◆ Directions for this task ◆
Report how many lines of the data below contain "diagram". Give nothing besides the number.

──────── Excerpted records

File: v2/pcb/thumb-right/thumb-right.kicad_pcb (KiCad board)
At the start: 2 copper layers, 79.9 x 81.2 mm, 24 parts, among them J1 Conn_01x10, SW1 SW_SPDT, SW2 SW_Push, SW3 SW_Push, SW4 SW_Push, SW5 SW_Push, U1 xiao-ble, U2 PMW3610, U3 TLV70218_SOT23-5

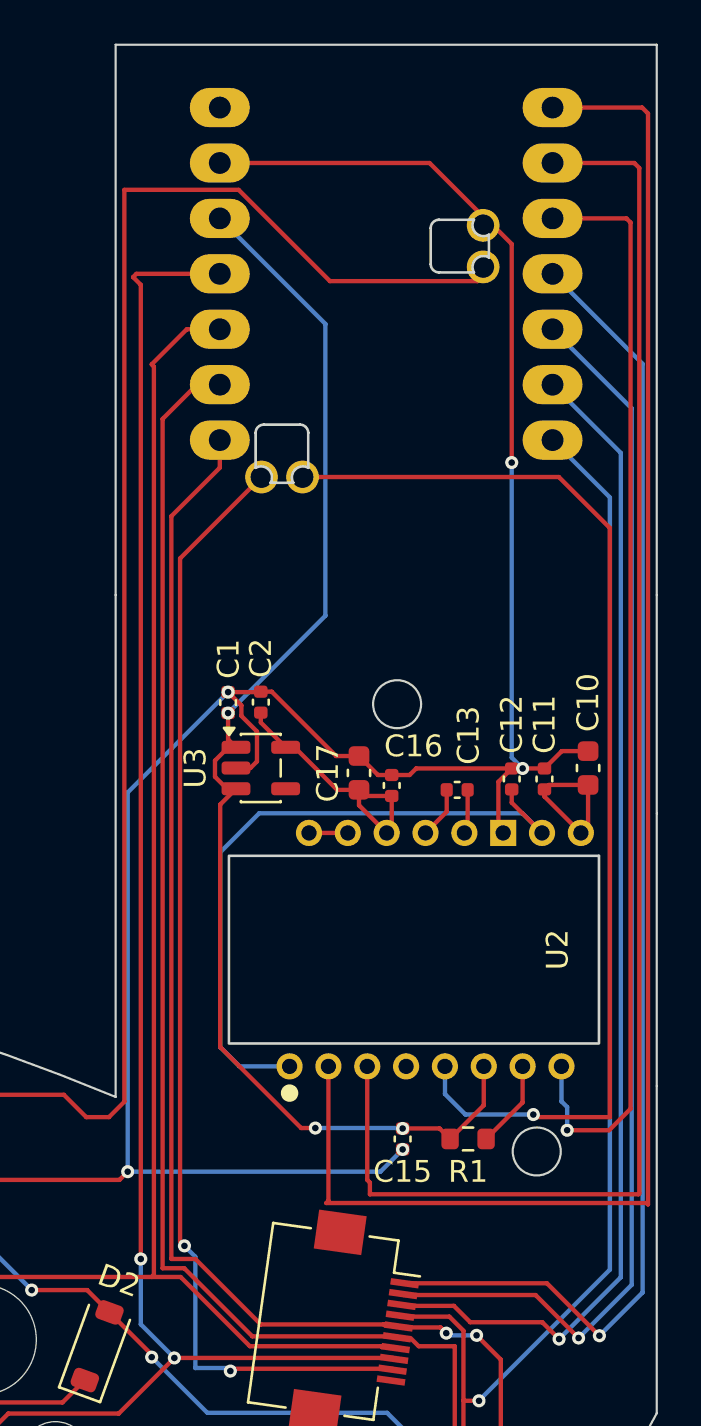
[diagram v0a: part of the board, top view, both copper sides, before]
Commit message: fix(pcb): offset the XIAO through-hole drills, re-sync the thumb boards
All 14 XIAO nRF52840 header pads in the shared mcu_roba footprint went
from a centred `drill 1` to `drill 0.8128` with `(offset ±0.5 0)`, i.e.
a 32-mil hole pushed toward the board edge inside the same 2.75x1.8 oval
pad. That leaves the inner half of the pad as exposed copper, so the
module can be reflowed/hand-soldered on its castellations instead of
only being pinned through. Pad centres also snap 7.625 -> 7.62.

Propagated into the two v2 thumb boards (the only boards carrying a
XIAO) via "update footprints from library", plus the handful of track
segments that had to move with the new hole positions.

Verified against the as-built files:
  * the thumb-board netlists are byte-identical to HEAD — every
    ROW/COL/SPI assignment is unchanged, so the firmware pin map still
    matches
  * the exported thumb gerbers carry the new tool (PTH T4C0.813)
  * NPTH tooling is still only 3.05/5.05 — the library update did NOT
    resurrect the Choc V2 fixing-leg holes on any of the 40 switches

Co-Authored-By: Claude Opus 5 (1M context) <noreply@anthropic.com>
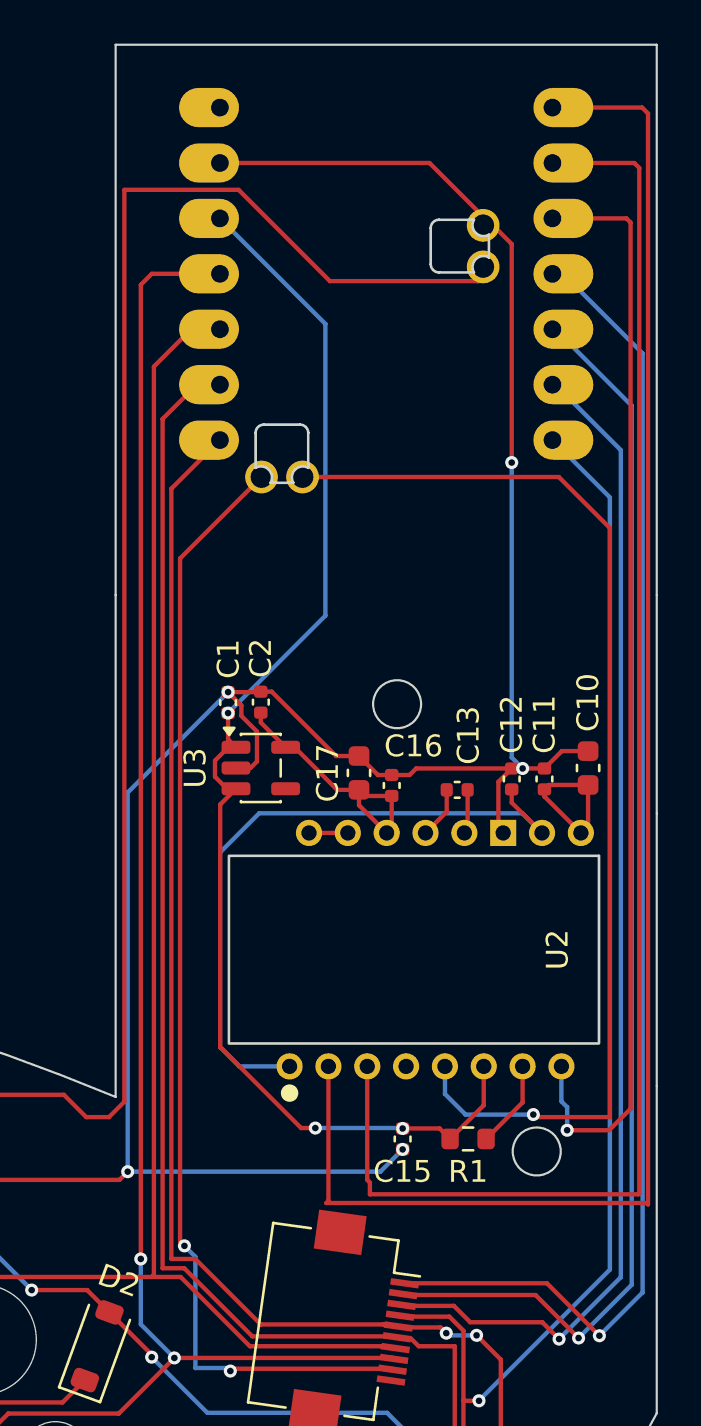
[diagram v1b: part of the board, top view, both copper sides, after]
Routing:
- net /COL2: track 77.0 -> 78.3 mm
- net /BAT_SW: track 85.4 -> 86.2 mm
- net /COL3: track 109.3 -> 108.6 mm

────────────────

◆ Output for this task ◆
2